SAF is not a one-size-fits-all solution; it encompasses a variety of production methods and feedstocks, each with its unique benefits and challenges. Biofuel derived from used cooking oil (or other lipids), referred to as Hydroprocessed Esters and Fatty Acids (HEFA), is currently a prevalent form of SAF. Production of SAF from energy crops such as corn via alcohol-to-jet pathway (ATJ) is considered to be the next technology in the pipeline in some regions. For HEFA SAF, feedstock scarcity is a real concern: the International Energy Agency (IEA) warns of an impending supply shortage for biodiesel, renewable diesel, and biojet fuel producers from 2022 to 2027. Energy crops-based SAFs are under less pressure from the feedstock availability perspective, but those pathways might not be available or can be challenging to develop in some regions, and certain scalability limits also exist. Given the projected growth in demand for air travel and increasing pressure on the industry to reduce its GHG emissions, there is an urgent need for SAF diversification and innovation to ensure robust and reliable supply. Using municipal solid waste (MSW) and non-food crops as feedstocks is also gaining interest. However, SAF made directly from CO2 (aka power-to-liquids/PtL or e-SAF) is expected to deliver the deepest GHG reductions. It has the potential to be one of the most globally scalable options, and commercial projects are now beginning to emerge. 

The use of
SAF has been gradually increasing, with a notable expansion in airports adopting it and airlines incorporating it into their operations—a sign of the aviation industry's commitment to reducing its carbon footprint and striving to achieve net-zero emissions by 2050. 

To meet 2050 net zero targets, 449 billion liters of SAF will be required in 2050, with e-SAF made from CO2 projected to play a critical role in meeting the aviation sector demand and climate targets. According to IATA, of potential GHG emissions reductions from using SAF (based on ICAO’s LTAG SAF availability scenarios) replacing 80-90% of conventional aviation fuel with SAF would result in a 62% reduction in global aviation CO2 emissions by 2050. This would require about 40% to be PtL SAF made with gaseous CO2 as a feedstock.

Our AIRMADE® SAF is a pioneering approach, utilizing captured carbon dioxide and clean hydrogen as primary feedstocks and converting it into a 100% drop-in fuel via a single-step CO2-to-hydrocarbons conversion process. Our method encompasses a proprietary streamlined process that differs from traditional e-fuel production methods, such as the Fischer-Tropsch process that relies on reverse water gas shift (RWGS). AIRMADE® SAF stands out due to its innovative single-step process for converting CO2 to hydrocarbons and 100% drop-in fuel capabilities, enabling direct replacement of conventional jet fuel without modifications to aircraft—boosting efficiency and lowering carbon intensity.

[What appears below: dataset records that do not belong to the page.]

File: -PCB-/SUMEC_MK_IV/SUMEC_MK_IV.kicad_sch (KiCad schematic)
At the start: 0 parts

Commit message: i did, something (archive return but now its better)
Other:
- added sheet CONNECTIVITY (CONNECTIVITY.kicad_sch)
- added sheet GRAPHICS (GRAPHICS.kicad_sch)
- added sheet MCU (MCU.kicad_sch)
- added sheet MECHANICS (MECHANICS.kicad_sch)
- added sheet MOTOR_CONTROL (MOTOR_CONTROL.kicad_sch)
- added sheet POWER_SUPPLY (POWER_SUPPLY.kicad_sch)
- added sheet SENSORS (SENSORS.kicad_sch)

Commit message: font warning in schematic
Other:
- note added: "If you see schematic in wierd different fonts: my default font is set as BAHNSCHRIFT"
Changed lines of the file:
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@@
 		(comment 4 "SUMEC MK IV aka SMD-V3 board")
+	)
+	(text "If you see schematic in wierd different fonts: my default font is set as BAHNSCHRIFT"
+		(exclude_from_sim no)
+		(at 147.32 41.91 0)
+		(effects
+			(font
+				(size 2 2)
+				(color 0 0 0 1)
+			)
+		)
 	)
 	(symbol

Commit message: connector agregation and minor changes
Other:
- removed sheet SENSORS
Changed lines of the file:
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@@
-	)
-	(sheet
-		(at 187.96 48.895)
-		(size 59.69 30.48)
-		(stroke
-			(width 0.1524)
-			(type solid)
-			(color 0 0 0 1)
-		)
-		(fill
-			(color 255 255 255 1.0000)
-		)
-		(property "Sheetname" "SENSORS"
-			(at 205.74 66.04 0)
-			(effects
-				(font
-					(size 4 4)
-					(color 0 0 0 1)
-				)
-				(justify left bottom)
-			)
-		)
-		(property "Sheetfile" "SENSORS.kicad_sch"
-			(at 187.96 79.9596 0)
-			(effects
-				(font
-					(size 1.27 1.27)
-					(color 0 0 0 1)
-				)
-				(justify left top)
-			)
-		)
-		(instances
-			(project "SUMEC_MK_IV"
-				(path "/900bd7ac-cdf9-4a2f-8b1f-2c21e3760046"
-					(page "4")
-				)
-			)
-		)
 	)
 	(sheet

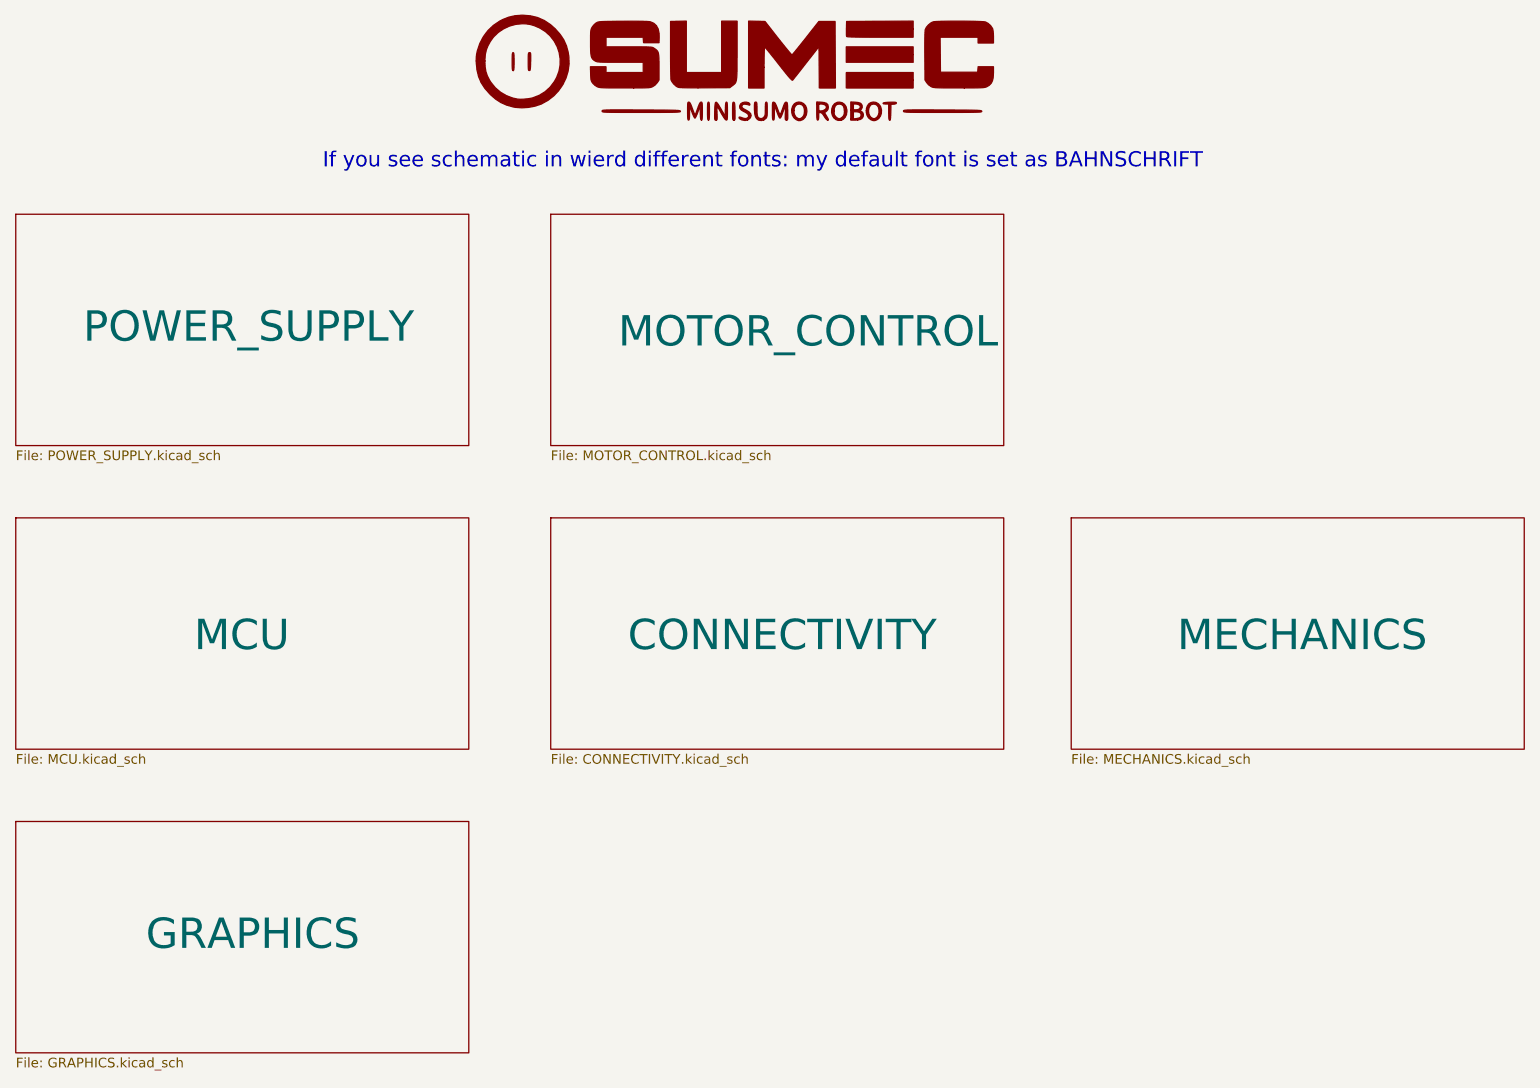
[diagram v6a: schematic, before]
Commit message: Schematic and PCB update
Schematic update:
- Font adjustment
- Block rearrangement

PCB update
- Silkscreen
- Minor layout update
- Graphic update
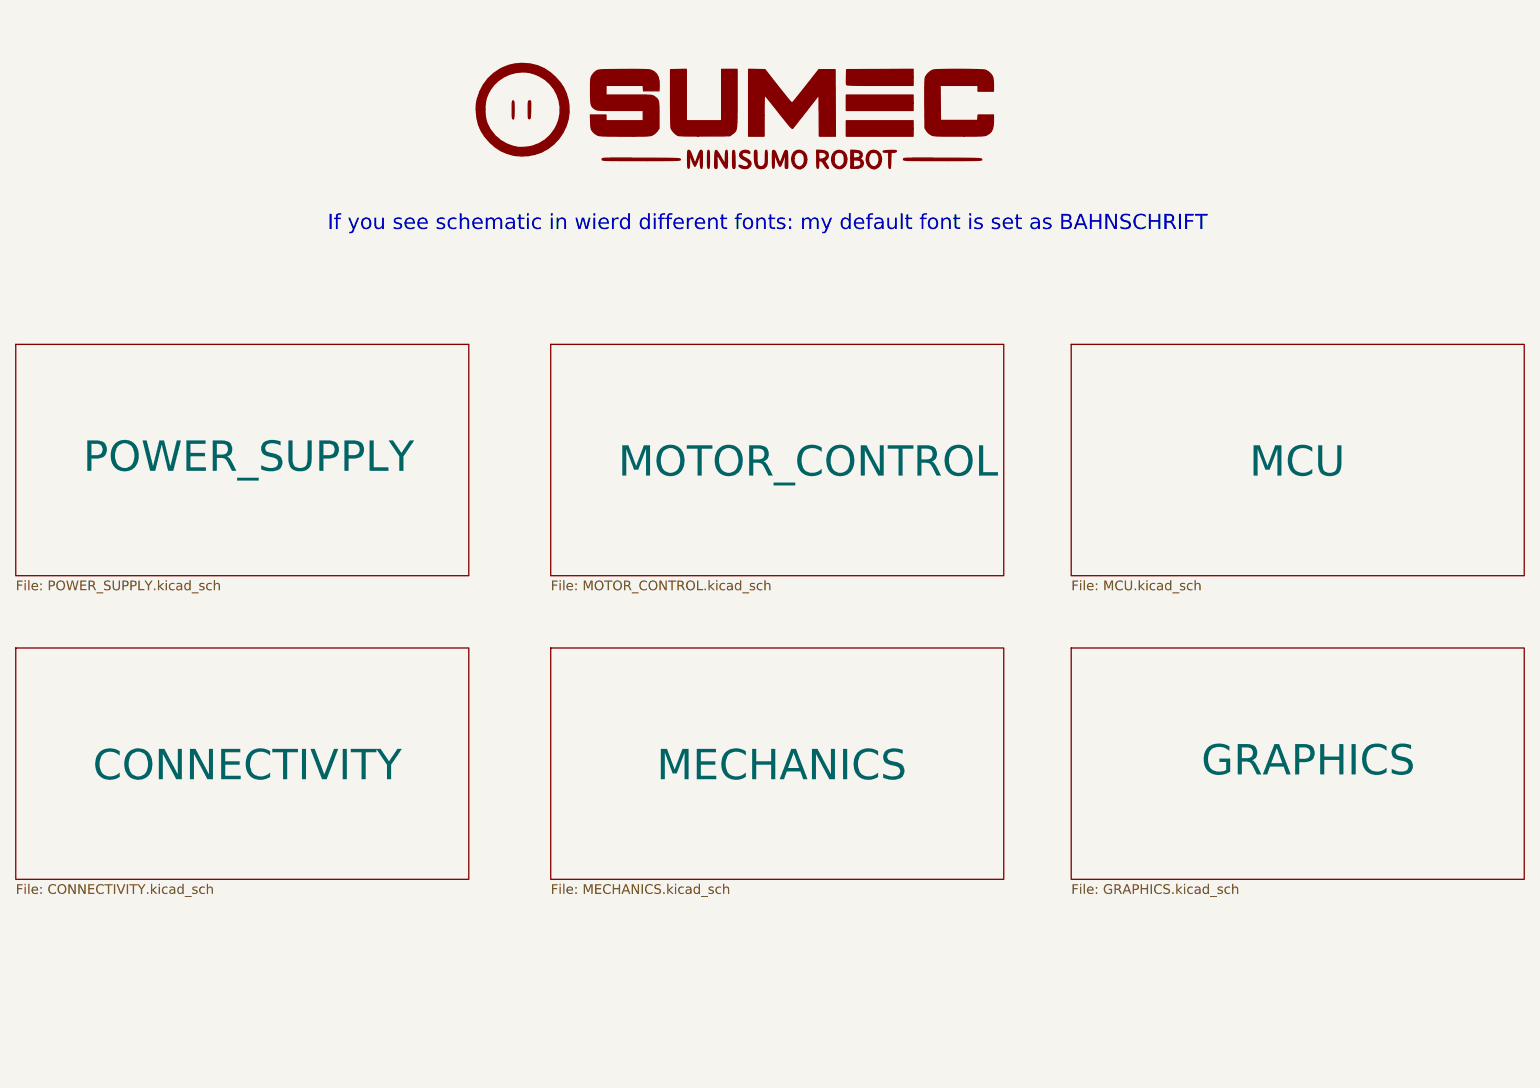
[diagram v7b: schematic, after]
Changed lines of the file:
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@@
 		(company "SPS NA PROSEKU")
 		(comment 1 "Made in Prague, Czech Republic")
-		(comment 2 "CONTACT: Savva Popov, menmenson09@gmail.com, +420 605 570 366")
-		(comment 3 "Made by Bismarx aka MenMenson")
+		(comment 2 "CONTACT: Savva Popov, savva.popov.sp@gmail.com, +420 605 570 366")
+		(comment 3 "Made by bismarx-v1")
 		(comment 4 "SUMEC MK IV aka SMD-V3 board")
 	)
 	(text "If you see schematic in wierd different fonts: my default font is set as BAHNSCHRIFT"
 		(exclude_from_sim no)
-		(at 147.32 41.91 0)
+		(at 147.955 50.165 0)
 		(effects
 			(font
+				(face "Bahnschrift")
 				(size 2 2)
 				(color 0 0 0 1)
@@
 	(symbol
 		(lib_id "sumec_sch_lib:LOGO SMALL")
-		(at 142.24 30.48 0)
+		(at 142.24 36.83 0)
 		(unit 1)
 		(exclude_from_sim no)
@@
 		(fields_autoplaced yes)
 		(property "Reference" "#G1"
-			(at 142.24 19.8543 0)
+			(at 142.24 26.2043 0)
 			(effects
 				(font
@@
 		)
 		(property "Value" "LOGO SMALL"
-			(at 142.24 41.1057 0)
+			(at 142.24 47.4557 0)
 			(effects
 				(font
@@
 		)
 		(property "Footprint" ""
-			(at 142.24 30.48 0)
+			(at 142.24 36.83 0)
 			(effects
 				(font
@@
 		)
 		(property "Datasheet" ""
-			(at 142.24 30.48 0)
+			(at 142.24 36.83 0)
 			(effects
 				(font
@@
 		)
 		(property "Description" ""
-			(at 142.24 30.48 0)
+			(at 142.24 36.83 0)
 			(effects
 				(font
@@
 	)
 	(sheet
-		(at 48.895 88.9)
+		(at 187.96 66.04)
 		(size 59.69 30.48)
 		(stroke
@@
 		)
 		(property "Sheetname" "MCU"
-			(at 72.39 106.68 0)
+			(at 211.455 83.82 0)
 			(effects
 				(font
@@
 		)
 		(property "Sheetfile" "MCU.kicad_sch"
-			(at 48.895 119.9646 0)
+			(at 187.96 97.1046 0)
 			(effects
 				(font
@@
 		)
 		(property "Field2" ""
-			(at 48.895 88.9 0)
+			(at 187.96 66.04 0)
 			(effects
 				(font
@@
 	)
 	(sheet
-		(at 119.38 48.895)
+		(at 119.38 66.04)
 		(size 59.69 30.48)
 		(stroke
@@
 		)
 		(property "Sheetname" "MOTOR_CONTROL"
-			(at 128.27 66.675 0)
+			(at 128.27 83.82 0)
 			(effects
 				(font
@@
 		)
 		(property "Sheetfile" "MOTOR_CONTROL.kicad_sch"
-			(at 119.38 79.9596 0)
+			(at 119.38 97.1046 0)
 			(effects
 				(font
@@
 	)
 	(sheet
-		(at 187.96 88.9)
+		(at 119.38 106.045)
 		(size 59.69 30.48)
 		(stroke
@@
 		)
 		(property "Sheetname" "MECHANICS"
-			(at 201.93 106.68 0)
-			(effects
-				(font
+			(at 133.35 123.825 0)
+			(effects
+				(font
+					(face "Bahnschrift")
 					(size 4 4)
 					(color 0 0 0 1)
@@
 		)
 		(property "Sheetfile" "MECHANICS.kicad_sch"
-			(at 187.96 119.9646 0)
+			(at 119.38 137.1096 0)
 			(effects
 				(font
@@
 	)
 	(sheet
-		(at 119.38 88.9)
+		(at 48.895 106.045)
 		(size 59.69 30.48)
 		(stroke
@@
 		)
 		(property "Sheetname" "CONNECTIVITY"
-			(at 129.54 106.68 0)
+			(at 59.055 123.825 0)
 			(effects
 				(font
@@
 		)
 		(property "Sheetfile" "CONNECTIVITY.kicad_sch"
-			(at 119.38 119.9646 0)
+			(at 48.895 137.1096 0)
 			(effects
 				(font
@@
 		)
 		(property "Field2" ""
-			(at 119.38 88.9 0)
+			(at 48.895 106.045 0)
 			(effects
 				(font
@@
 	)
 	(sheet
-		(at 48.895 48.895)
+		(at 48.895 66.04)
 		(size 59.69 30.48)
 		(stroke
@@
 		)
 		(property "Sheetname" "POWER_SUPPLY"
-			(at 57.785 66.04 0)
-			(effects
-				(font
+			(at 57.785 83.185 0)
+			(effects
+				(font
+					(face "Bahnschrift")
 					(size 4 4)
 					(color 0 0 0 1)
@@
 		)
 		(property "Sheetfile" "POWER_SUPPLY.kicad_sch"
-			(at 48.895 79.9596 0)
+			(at 48.895 97.1046 0)
 			(effects
 				(font
@@
 	)
 	(sheet
-		(at 48.895 128.905)
+		(at 187.96 106.045)
 		(size 59.69 30.48)
 		(stroke
@@
 		)
 		(property "Sheetname" "GRAPHICS"
-			(at 66.04 146.05 0)
-			(effects
-				(font
+			(at 205.105 123.19 0)
+			(effects
+				(font
+					(face "Bahnschrift")
 					(size 4 4)
 					(color 0 0 0 1)
@@
 		)
 		(property "Sheetfile" "GRAPHICS.kicad_sch"
-			(at 48.895 159.9696 0)
-			(effects
-				(font
+			(at 187.96 137.1096 0)
+			(effects
+				(font

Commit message: minor text changes
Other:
- note removed: "If you see schematic in wierd different fonts: my default font is set as BAHNSCHRIFT"
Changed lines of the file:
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@@
 		(comment 4 "SUMEC MK IV aka SMD-V3 board")
-	)
-	(text "If you see schematic in wierd different fonts: my default font is set as BAHNSCHRIFT"
-		(exclude_from_sim no)
-		(at 147.955 50.165 0)
-		(effects
-			(font
-				(face "Bahnschrift")
-				(size 2 2)
-				(color 0 0 0 1)
-			)
-		)
 	)
 	(symbol

SAF is produced using renewable feedstocks such as waste oils, agricultural residues and other non-petroleum-based resources that constitute alternatives to fossil fuels and reduce the carbon intensity of the fuel.

There are several regulatorily-approved SAF production pathways, each defined in terms of their feedstock, chemical conversion process and composition of the resulting synthetic blending component. ASTM—the international standard-setting body responsible for approving SAF pathways to be safely used in commercial aviation—developed a pathway-naming convention that describes each pathway using the same terms but is not always consistent with the terms applied. There are currently eight ASTM-approved pathways, but the three pathways that are currently in use are:

01


Fischer-Tropsch (FT) Synthetic 
Paraffinic Kerosene (SPK)


The feedstock for this pathway is synthesis gas, which in turn can be produced from several different raw materials such as municipal solid waste (MSW), woody materials such as forest residue or hydrogen and carbon dioxide (CO2). The synthesis gas is converted to liquid crude oil by an FT reactor, followed by upgrading to an SPK, which can then be blended with jet fuel. When captured waste CO2 (or direct air-captured CO2) and clean hydrogen from renewable electricity are utilized to make the synthesis gas, and then fed to the FT reactor, the SAF is called e-SAF, e-Fuels, or Power-to-Liquid (PtL).

02

Hydroprocessed Esters and 
Fatty Acids (HEFA-SPK)

In this pathway, lipids such as plant oil, waste animal and cooking fats and greases are used as the feedstock. The feedstock is converted to liquid crude oil using a conventional refinery process called hydroprocessing, followed by upgrading to an SPK. This is the most commonly used type of SAF today.

03

Alcohol-to-Jet Synthetic Paraffinic 
Kerosene (ATJ-SPK)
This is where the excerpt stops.